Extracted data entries
◇ ◇ ◇
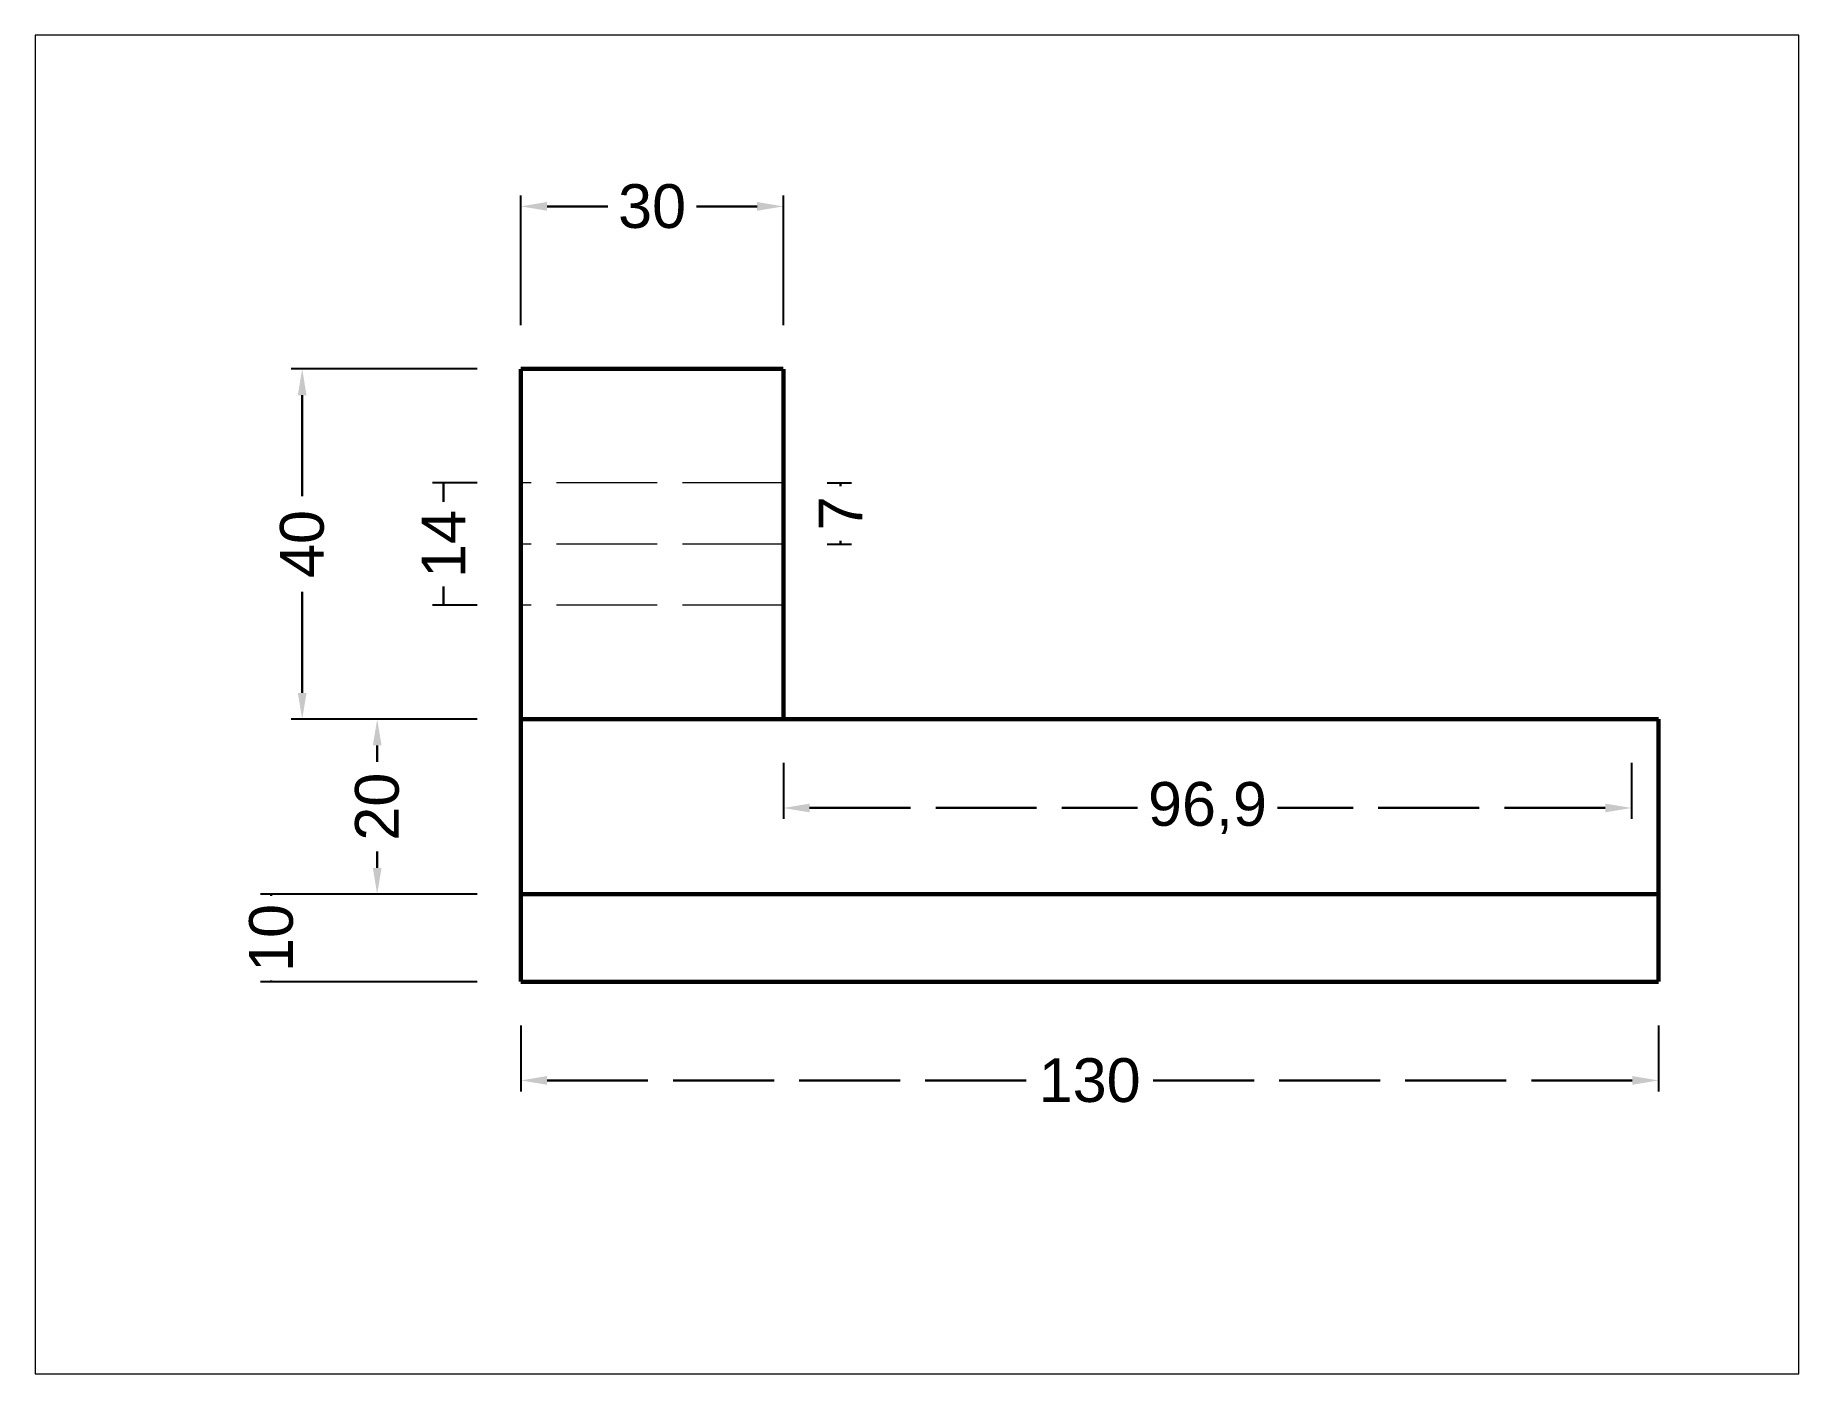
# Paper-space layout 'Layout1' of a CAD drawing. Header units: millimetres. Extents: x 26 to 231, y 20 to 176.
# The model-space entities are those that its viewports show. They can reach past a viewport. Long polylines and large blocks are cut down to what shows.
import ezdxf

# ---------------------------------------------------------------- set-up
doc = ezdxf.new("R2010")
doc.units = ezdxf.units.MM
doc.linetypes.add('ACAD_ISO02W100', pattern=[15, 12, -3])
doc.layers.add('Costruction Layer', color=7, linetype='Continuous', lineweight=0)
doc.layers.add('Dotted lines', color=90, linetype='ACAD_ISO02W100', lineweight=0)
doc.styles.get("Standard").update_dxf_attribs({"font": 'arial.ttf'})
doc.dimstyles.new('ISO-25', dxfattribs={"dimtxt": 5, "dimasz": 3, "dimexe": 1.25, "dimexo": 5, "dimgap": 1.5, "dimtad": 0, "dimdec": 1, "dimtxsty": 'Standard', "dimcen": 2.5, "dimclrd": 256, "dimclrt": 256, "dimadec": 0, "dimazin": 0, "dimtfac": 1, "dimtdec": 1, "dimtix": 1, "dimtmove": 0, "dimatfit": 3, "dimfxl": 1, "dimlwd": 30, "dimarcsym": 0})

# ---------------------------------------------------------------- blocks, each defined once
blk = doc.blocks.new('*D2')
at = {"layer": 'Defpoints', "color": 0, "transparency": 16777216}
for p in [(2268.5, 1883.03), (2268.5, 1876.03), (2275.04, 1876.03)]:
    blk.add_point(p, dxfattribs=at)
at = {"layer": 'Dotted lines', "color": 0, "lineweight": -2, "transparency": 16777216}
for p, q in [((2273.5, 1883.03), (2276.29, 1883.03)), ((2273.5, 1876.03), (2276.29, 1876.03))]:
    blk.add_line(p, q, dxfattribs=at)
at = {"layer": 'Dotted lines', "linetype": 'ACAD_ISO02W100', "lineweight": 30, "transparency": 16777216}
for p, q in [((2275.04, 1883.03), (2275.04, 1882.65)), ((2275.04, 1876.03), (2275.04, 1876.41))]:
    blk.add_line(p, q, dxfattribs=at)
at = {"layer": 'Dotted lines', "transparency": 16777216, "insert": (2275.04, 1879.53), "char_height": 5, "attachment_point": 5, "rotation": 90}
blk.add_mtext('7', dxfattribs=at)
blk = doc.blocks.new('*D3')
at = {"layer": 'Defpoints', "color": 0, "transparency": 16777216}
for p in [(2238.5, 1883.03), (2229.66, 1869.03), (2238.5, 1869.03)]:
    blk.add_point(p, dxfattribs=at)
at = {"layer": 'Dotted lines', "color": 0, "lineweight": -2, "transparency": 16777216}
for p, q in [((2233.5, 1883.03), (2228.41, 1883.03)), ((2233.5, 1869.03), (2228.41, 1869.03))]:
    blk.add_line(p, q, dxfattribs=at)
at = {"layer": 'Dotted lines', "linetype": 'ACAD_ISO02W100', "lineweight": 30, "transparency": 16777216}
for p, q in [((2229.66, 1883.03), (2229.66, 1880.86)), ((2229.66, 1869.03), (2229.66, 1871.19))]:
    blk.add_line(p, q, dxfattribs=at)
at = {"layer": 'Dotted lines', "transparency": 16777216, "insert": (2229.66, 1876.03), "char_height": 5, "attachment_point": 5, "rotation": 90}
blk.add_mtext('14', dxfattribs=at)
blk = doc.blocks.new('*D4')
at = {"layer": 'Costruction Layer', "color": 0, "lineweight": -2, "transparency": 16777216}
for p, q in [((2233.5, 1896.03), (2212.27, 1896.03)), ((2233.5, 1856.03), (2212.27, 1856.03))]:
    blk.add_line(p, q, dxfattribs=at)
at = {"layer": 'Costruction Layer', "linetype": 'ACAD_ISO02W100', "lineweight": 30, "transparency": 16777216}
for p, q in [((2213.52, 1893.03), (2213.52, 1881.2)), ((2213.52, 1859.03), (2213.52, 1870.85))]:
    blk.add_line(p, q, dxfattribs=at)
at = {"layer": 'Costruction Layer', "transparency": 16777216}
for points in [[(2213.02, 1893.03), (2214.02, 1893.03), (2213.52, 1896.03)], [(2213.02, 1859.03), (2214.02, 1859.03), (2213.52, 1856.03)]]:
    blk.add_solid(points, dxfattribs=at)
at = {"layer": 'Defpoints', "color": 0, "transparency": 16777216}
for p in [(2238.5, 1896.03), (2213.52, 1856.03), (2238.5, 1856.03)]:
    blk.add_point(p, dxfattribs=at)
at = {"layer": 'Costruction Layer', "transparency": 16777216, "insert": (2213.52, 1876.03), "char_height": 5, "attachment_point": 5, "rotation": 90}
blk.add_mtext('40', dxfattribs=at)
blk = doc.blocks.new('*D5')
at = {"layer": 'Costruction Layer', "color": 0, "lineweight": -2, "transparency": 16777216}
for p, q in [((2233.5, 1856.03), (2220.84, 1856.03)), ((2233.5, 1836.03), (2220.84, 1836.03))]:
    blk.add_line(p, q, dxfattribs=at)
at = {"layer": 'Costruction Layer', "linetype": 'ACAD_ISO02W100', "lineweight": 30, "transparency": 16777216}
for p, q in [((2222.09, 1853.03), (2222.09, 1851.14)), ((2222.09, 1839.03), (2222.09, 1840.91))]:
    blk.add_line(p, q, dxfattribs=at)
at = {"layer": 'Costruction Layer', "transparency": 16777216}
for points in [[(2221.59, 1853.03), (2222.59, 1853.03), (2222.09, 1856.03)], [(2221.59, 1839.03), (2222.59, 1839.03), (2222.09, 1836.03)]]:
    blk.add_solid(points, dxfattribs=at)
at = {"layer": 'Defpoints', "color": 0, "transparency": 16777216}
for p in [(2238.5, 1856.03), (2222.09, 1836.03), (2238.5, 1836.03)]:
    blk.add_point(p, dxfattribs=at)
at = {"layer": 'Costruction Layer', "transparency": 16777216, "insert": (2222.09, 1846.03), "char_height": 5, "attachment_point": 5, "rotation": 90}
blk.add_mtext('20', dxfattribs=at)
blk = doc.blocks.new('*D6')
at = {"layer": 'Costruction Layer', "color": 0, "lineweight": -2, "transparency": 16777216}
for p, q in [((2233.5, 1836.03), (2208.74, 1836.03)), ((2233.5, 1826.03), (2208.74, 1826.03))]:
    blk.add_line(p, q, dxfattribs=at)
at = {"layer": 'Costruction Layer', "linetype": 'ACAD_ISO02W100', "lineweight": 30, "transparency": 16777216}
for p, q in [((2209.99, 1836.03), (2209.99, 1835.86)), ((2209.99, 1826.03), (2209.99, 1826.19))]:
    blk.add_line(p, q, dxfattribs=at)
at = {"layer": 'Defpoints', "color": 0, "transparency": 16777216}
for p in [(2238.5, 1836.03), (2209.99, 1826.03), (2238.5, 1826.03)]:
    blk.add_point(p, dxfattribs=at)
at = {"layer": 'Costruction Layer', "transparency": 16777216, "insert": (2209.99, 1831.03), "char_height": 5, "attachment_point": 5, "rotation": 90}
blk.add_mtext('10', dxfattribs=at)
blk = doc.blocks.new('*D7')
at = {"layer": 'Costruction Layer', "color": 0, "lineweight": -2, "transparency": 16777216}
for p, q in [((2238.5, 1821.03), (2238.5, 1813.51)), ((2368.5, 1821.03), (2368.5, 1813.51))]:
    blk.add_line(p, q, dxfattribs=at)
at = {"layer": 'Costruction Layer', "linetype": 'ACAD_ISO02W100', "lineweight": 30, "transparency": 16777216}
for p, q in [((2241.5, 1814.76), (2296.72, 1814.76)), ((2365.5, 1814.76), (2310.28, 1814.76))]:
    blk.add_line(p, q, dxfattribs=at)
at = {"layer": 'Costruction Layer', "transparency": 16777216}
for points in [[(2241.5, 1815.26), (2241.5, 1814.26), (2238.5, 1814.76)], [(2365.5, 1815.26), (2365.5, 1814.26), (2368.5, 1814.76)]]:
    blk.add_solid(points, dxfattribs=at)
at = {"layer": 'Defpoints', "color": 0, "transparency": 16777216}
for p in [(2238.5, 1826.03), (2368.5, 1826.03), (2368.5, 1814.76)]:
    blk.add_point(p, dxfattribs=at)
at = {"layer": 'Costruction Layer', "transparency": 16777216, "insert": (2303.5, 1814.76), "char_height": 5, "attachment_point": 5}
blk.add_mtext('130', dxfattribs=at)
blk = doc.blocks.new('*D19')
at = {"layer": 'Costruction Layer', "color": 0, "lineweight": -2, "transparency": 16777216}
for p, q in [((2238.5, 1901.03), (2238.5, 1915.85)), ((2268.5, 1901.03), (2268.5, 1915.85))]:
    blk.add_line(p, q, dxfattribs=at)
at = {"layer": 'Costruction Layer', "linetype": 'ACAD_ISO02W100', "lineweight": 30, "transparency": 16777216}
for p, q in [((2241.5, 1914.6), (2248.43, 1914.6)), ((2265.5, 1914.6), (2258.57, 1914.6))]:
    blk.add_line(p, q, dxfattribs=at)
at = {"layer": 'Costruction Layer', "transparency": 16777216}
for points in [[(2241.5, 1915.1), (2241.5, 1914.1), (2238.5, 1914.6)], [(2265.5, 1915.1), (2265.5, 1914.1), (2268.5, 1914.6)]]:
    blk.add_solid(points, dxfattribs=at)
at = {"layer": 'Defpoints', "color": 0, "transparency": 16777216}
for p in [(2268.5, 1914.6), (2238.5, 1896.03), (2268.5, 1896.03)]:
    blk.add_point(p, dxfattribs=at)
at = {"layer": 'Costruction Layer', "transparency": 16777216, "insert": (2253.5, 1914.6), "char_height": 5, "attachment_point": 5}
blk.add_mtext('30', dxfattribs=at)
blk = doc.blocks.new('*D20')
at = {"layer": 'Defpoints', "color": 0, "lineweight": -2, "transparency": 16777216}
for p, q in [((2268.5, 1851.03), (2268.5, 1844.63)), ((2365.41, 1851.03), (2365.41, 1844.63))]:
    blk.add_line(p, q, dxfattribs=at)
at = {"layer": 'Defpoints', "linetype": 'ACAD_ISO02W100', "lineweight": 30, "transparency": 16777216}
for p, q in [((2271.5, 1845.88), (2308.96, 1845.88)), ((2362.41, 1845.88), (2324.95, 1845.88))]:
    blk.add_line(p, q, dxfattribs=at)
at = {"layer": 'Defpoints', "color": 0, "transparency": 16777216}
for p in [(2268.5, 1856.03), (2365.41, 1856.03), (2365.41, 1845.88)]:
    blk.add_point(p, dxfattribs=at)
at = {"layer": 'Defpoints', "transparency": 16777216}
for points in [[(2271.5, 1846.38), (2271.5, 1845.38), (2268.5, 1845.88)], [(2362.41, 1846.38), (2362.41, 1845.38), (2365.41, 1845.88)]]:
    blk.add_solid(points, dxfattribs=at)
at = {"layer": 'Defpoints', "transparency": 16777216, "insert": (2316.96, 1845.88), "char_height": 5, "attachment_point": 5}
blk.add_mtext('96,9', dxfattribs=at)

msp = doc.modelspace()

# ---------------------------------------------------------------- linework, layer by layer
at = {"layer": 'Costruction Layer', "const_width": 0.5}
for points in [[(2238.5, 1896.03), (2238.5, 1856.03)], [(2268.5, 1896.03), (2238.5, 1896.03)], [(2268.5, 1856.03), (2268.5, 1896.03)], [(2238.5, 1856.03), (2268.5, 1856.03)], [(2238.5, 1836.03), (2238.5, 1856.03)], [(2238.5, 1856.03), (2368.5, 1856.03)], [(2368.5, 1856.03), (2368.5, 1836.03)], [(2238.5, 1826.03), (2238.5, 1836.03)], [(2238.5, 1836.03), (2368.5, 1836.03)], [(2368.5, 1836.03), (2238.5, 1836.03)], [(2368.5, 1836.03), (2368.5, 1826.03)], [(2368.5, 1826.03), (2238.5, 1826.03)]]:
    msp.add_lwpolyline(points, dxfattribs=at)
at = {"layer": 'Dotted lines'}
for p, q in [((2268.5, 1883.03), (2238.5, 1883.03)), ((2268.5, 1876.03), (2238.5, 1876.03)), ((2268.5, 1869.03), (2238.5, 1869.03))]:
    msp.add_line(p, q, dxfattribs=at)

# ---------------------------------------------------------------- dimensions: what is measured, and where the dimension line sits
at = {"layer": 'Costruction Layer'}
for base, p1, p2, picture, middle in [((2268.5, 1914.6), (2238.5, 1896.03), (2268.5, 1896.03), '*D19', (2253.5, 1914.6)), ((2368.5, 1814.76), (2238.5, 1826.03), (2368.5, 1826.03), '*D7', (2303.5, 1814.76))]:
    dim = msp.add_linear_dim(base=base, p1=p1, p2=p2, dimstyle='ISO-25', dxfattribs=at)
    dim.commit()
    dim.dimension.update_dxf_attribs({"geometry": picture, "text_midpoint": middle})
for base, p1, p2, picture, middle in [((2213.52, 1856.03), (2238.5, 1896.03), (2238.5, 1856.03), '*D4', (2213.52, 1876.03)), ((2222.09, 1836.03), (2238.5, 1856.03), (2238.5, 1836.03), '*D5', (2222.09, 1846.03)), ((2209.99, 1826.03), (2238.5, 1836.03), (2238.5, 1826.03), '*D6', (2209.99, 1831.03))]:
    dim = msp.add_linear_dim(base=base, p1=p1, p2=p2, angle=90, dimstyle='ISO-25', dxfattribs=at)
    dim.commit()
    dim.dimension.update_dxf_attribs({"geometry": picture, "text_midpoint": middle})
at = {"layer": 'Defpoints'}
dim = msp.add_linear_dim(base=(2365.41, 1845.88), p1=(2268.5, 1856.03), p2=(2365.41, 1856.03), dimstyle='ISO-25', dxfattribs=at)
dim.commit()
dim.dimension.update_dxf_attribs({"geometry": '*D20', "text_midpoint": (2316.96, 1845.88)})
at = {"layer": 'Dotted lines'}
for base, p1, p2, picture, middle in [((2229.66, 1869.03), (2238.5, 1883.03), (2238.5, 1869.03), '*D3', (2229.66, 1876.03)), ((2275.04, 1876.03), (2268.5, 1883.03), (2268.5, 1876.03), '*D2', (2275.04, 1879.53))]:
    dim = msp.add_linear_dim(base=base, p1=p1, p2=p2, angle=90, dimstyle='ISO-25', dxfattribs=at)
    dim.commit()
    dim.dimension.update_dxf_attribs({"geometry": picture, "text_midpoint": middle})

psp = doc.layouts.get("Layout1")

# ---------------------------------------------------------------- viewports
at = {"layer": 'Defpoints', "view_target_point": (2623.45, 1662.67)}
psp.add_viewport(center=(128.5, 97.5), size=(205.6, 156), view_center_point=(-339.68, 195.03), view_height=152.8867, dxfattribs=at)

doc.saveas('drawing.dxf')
◇ ◇ ◇
#### [TASK STATEMENT]
Each line of the entries holding the string "viewports" should be found and copied.

#### [FINAL ANSWER]
# The model-space entities are those that its viewports show. They can reach past a viewport. Long polylines and large blocks are cut down to what shows.
# ---------------------------------------------------------------- viewports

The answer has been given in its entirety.